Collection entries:
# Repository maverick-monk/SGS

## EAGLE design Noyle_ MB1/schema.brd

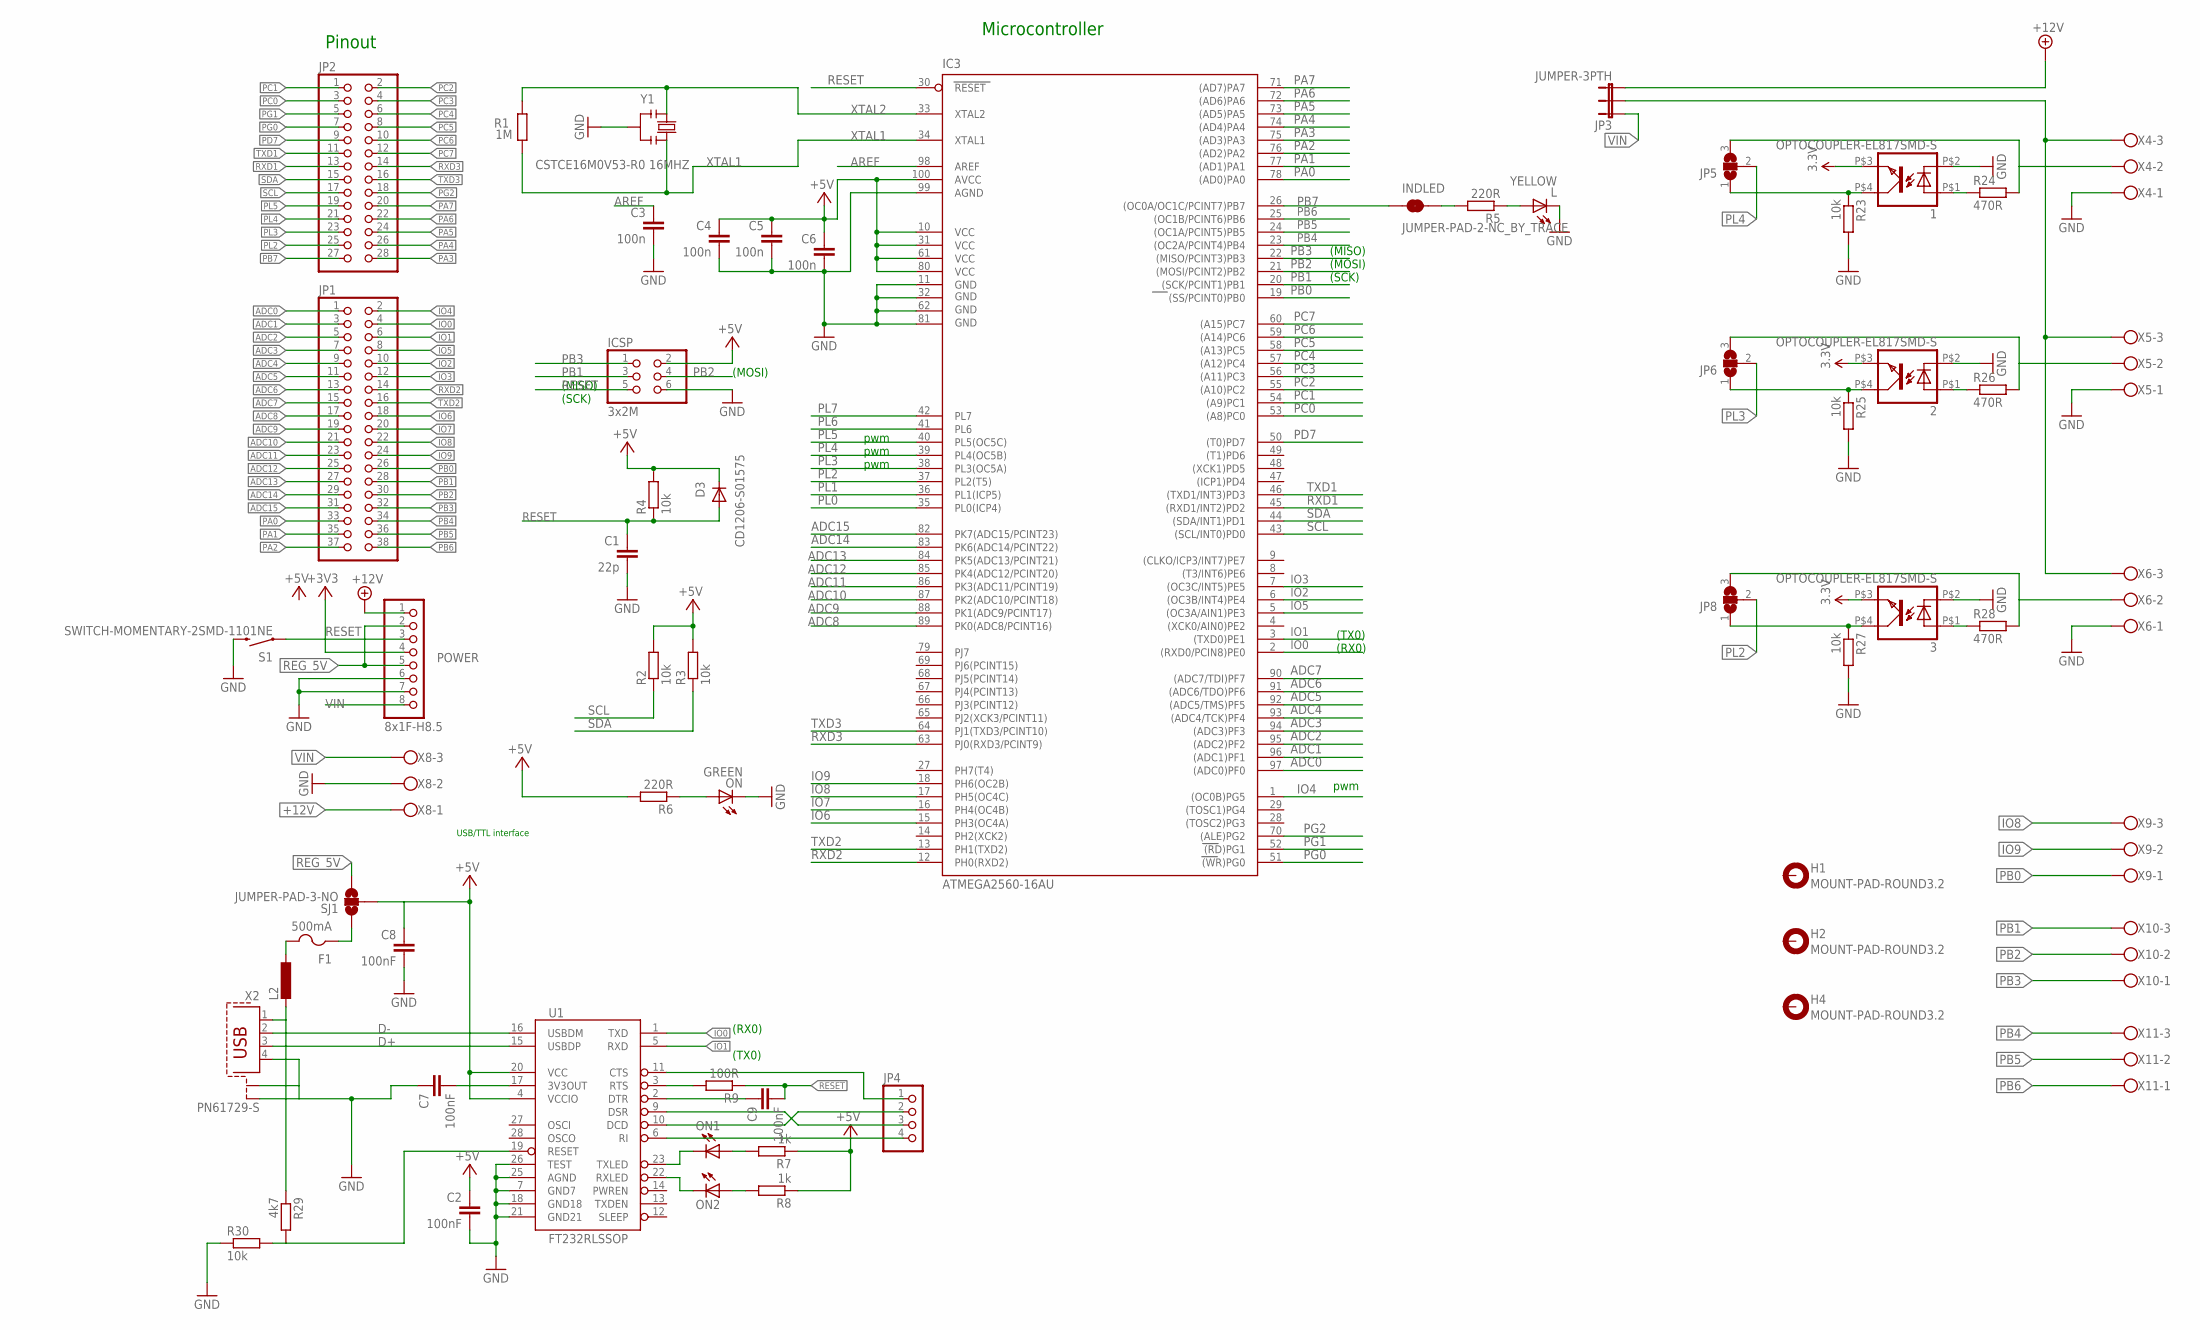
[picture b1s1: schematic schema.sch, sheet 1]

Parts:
1, 2, 3: OPTOCOUPLER-EL817SMD-S; SMD-S
C1: 22p; C0603-ROUND
C2, C7, C8, C9: 100nF; C0603-ROUND
C3, C4, C5, C6: 100n; C0603-ROUND
D3: CD1206-S01575; MINIMELF
F1: 500mA; 1812
H1, H2, H4: MOUNT-PAD-ROUND3.2; 3,2-PAD
IC3: ATMEGA2560-16AU; TQFP100
ICSP: 3x2M; 2X03
INDLED: JUMPER-PAD-2-NC_BY_TRACE; PAD-JUMPER-2-NC_BY_TRACE_YES_SILK
JP1: PINHD-2X19; 2X19
JP2: PINHD-2X14; 2X14
JP3: JUMPER-3PTH; 1X03
JP4: PINHD-1X4; 1X04
JP5, JP6, JP8: SJ2W; SJ_2
L: YELLOW; CHIP-LED0805
L2: L-EUL1812; L1812
ON, ON1, ON2: GREEN; CHIP-LED0805
POWER: 8x1F-H8.5; 1X08
R1: 1M; R0603-ROUND
R2, R3, R4, R23, R25, R27, R30: 10k; R0603
R5, R6: 220R; R0603
R7, R8: 1k; R0603
R9: 100R; R0603
R24, R26, R28: 470R; R0603
R29: 4k7; R0603
S1: SWITCH-MOMENTARY-2SMD-1101NE; TACTILE-SWITCH-1101NE
SJ1: JUMPER-PAD-3-NO; PAD-JUMPER-3-NO_YES_SILK_FULL_BOX_WIDE_SPACING
U1: FT232RLSSOP; SSOP28DB
X2: PN61729-S
X4, X5, X6, X8, X9, X10, X11: W237-103
Y1: CSTCE16M0V53-R0 16MHZ; RESONATOR

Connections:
3.3V: 1.P$3 (3), 2.P$3 (3), 3.P$3 (3), POWER.4; also elsewhere on the board
+5V: C2.1, C4.1, C5.1, C6.1, C8.1, D3.C, IC3.10 (VCC), IC3.31 (VCC1), IC3.61 (VCC2), IC3.80 (VCC3), IC3.100 (AVCC), ICSP.2, R2.2, R3.2, R4.2, R6.2, R7.1, R8.1, SJ1.2, U1.4 (VCCIO), U1.20 (VCC); also elsewhere on the board
+12V: JP3.3, POWER.1, X8.1; also elsewhere on the board
ADC0: IC3.97 ((ADC0)PF0), JP1.1
ADC1: IC3.96 ((ADC1)PF1), JP1.3
ADC2: IC3.95 ((ADC2)PF2), JP1.5
ADC3: IC3.94 ((ADC3)PF3), JP1.7
ADC4: IC3.93 ((ADC4/TCK)PF4), JP1.9
ADC5: IC3.92 ((ADC5/TMS)PF5), JP1.11
ADC6: IC3.91 ((ADC6/TDO)PF6), JP1.13
ADC7: IC3.90 ((ADC7/TDI)PF7), JP1.15
ADC8: IC3.89 (PK0(ADC8/PCINT16)), JP1.17
ADC9: IC3.88 (PK1(ADC9/PCINT17)), JP1.19
ADC10: IC3.87 (PK2(ADC10/PCINT18)), JP1.21
ADC11: IC3.86 (PK3(ADC11/PCINT19)), JP1.23
ADC12: IC3.85 (PK4(ADC12/PCINT20)), JP1.25
ADC13: IC3.84 (PK5(ADC13/PCINT21)), JP1.27
ADC14: IC3.83 (PK6(ADC14/PCINT22)), JP1.29
ADC15: IC3.82 (PK7(ADC15/PCINT23)), JP1.31
AREF: C3.1, IC3.98 (AREF)
D+: U1.15 (USBDP), X2.3
D-: U1.16 (USBDM), X2.2
GND: 1.P$2 (2), 2.P$2 (2), 3.P$2 (2), C1.2, C2.2, C3.2, C4.2, C5.2, C6.2, C7.1, C8.2, IC3.11 (GND), IC3.32 (GND1), IC3.62 (GND2), IC3.81 (GND3), IC3.99 (AGND), ICSP.6, L.C, ON.C, POWER.6, POWER.7, R23.2, R25.2, R27.2, R30.1, S1.2, U1.7 (GND7), U1.18 (GND18), U1.21 (GND21), U1.25 (AGND), U1.26 (TEST), X2.4, X2.S1, X2.S2, X4.1, X5.1, X6.1, X8.2, Y1.2; also elsewhere on the board
IO0: IC3.2 ((RXD0/PCIN8)PE0), JP1.4, U1.1 (TXD)
IO1: IC3.3 ((TXD0)PE1), JP1.6, U1.5 (RXD)
IO2: IC3.6 ((OC3B/INT4)PE4), JP1.10
IO3: IC3.7 ((OC3C/INT5)PE5), JP1.12
IO4: IC3.1 ((OC0B)PG5), JP1.2
IO5: IC3.5 ((OC3A/AIN1)PE3), JP1.8
IO6: IC3.15 (PH3(OC4A)), JP1.18
IO7: IC3.16 (PH4(OC4B)), JP1.20
IO8: IC3.17 (PH5(OC4C)), JP1.22, X9.3
IO9: IC3.18 (PH6(OC2B)), JP1.24, X9.2
unnamed: L.A, R5.1
unnamed: ON1.A, R7.2
unnamed: ON.A, R6.1
unnamed: ON2.A, R8.2
unnamed: C7.2, U1.17 (3V3OUT)
unnamed: L2.2, R29.1, X2.1
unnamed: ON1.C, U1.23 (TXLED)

** TASK STATEMENT **
Give back the entries verbatim but drop every picture.

** ANSWER FOR THE TASK **
# Repository maverick-monk/SGS

## EAGLE design Noyle_ MB1/schema.brd

[picture b1s1: schematic schema.sch, sheet 1]

Parts:
1, 2, 3: OPTOCOUPLER-EL817SMD-S; SMD-S
C1: 22p; C0603-ROUND
C2, C7, C8, C9: 100nF; C0603-ROUND
C3, C4, C5, C6: 100n; C0603-ROUND
D3: CD1206-S01575; MINIMELF
F1: 500mA; 1812
H1, H2, H4: MOUNT-PAD-ROUND3.2; 3,2-PAD
IC3: ATMEGA2560-16AU; TQFP100
ICSP: 3x2M; 2X03
INDLED: JUMPER-PAD-2-NC_BY_TRACE; PAD-JUMPER-2-NC_BY_TRACE_YES_SILK
JP1: PINHD-2X19; 2X19
JP2: PINHD-2X14; 2X14
JP3: JUMPER-3PTH; 1X03
JP4: PINHD-1X4; 1X04
JP5, JP6, JP8: SJ2W; SJ_2
L: YELLOW; CHIP-LED0805
L2: L-EUL1812; L1812
ON, ON1, ON2: GREEN; CHIP-LED0805
POWER: 8x1F-H8.5; 1X08
R1: 1M; R0603-ROUND
R2, R3, R4, R23, R25, R27, R30: 10k; R0603
R5, R6: 220R; R0603
R7, R8: 1k; R0603
R9: 100R; R0603
R24, R26, R28: 470R; R0603
R29: 4k7; R0603
S1: SWITCH-MOMENTARY-2SMD-1101NE; TACTILE-SWITCH-1101NE
SJ1: JUMPER-PAD-3-NO; PAD-JUMPER-3-NO_YES_SILK_FULL_BOX_WIDE_SPACING
U1: FT232RLSSOP; SSOP28DB
X2: PN61729-S
X4, X5, X6, X8, X9, X10, X11: W237-103
Y1: CSTCE16M0V53-R0 16MHZ; RESONATOR

Connections:
3.3V: 1.P$3 (3), 2.P$3 (3), 3.P$3 (3), POWER.4; also elsewhere on the board
+5V: C2.1, C4.1, C5.1, C6.1, C8.1, D3.C, IC3.10 (VCC), IC3.31 (VCC1), IC3.61 (VCC2), IC3.80 (VCC3), IC3.100 (AVCC), ICSP.2, R2.2, R3.2, R4.2, R6.2, R7.1, R8.1, SJ1.2, U1.4 (VCCIO), U1.20 (VCC); also elsewhere on the board
+12V: JP3.3, POWER.1, X8.1; also elsewhere on the board
ADC0: IC3.97 ((ADC0)PF0), JP1.1
ADC1: IC3.96 ((ADC1)PF1), JP1.3
ADC2: IC3.95 ((ADC2)PF2), JP1.5
ADC3: IC3.94 ((ADC3)PF3), JP1.7
ADC4: IC3.93 ((ADC4/TCK)PF4), JP1.9
ADC5: IC3.92 ((ADC5/TMS)PF5), JP1.11
ADC6: IC3.91 ((ADC6/TDO)PF6), JP1.13
ADC7: IC3.90 ((ADC7/TDI)PF7), JP1.15
ADC8: IC3.89 (PK0(ADC8/PCINT16)), JP1.17
ADC9: IC3.88 (PK1(ADC9/PCINT17)), JP1.19
ADC10: IC3.87 (PK2(ADC10/PCINT18)), JP1.21
ADC11: IC3.86 (PK3(ADC11/PCINT19)), JP1.23
ADC12: IC3.85 (PK4(ADC12/PCINT20)), JP1.25
ADC13: IC3.84 (PK5(ADC13/PCINT21)), JP1.27
ADC14: IC3.83 (PK6(ADC14/PCINT22)), JP1.29
ADC15: IC3.82 (PK7(ADC15/PCINT23)), JP1.31
AREF: C3.1, IC3.98 (AREF)
D+: U1.15 (USBDP), X2.3
D-: U1.16 (USBDM), X2.2
GND: 1.P$2 (2), 2.P$2 (2), 3.P$2 (2), C1.2, C2.2, C3.2, C4.2, C5.2, C6.2, C7.1, C8.2, IC3.11 (GND), IC3.32 (GND1), IC3.62 (GND2), IC3.81 (GND3), IC3.99 (AGND), ICSP.6, L.C, ON.C, POWER.6, POWER.7, R23.2, R25.2, R27.2, R30.1, S1.2, U1.7 (GND7), U1.18 (GND18), U1.21 (GND21), U1.25 (AGND), U1.26 (TEST), X2.4, X2.S1, X2.S2, X4.1, X5.1, X6.1, X8.2, Y1.2; also elsewhere on the board
IO0: IC3.2 ((RXD0/PCIN8)PE0), JP1.4, U1.1 (TXD)
IO1: IC3.3 ((TXD0)PE1), JP1.6, U1.5 (RXD)
IO2: IC3.6 ((OC3B/INT4)PE4), JP1.10
IO3: IC3.7 ((OC3C/INT5)PE5), JP1.12
IO4: IC3.1 ((OC0B)PG5), JP1.2
IO5: IC3.5 ((OC3A/AIN1)PE3), JP1.8
IO6: IC3.15 (PH3(OC4A)), JP1.18
IO7: IC3.16 (PH4(OC4B)), JP1.20
IO8: IC3.17 (PH5(OC4C)), JP1.22, X9.3
IO9: IC3.18 (PH6(OC2B)), JP1.24, X9.2
unnamed: L.A, R5.1
unnamed: ON1.A, R7.2
unnamed: ON.A, R6.1
unnamed: ON2.A, R8.2
unnamed: C7.2, U1.17 (3V3OUT)
unnamed: L2.2, R29.1, X2.1
unnamed: ON1.C, U1.23 (TXLED)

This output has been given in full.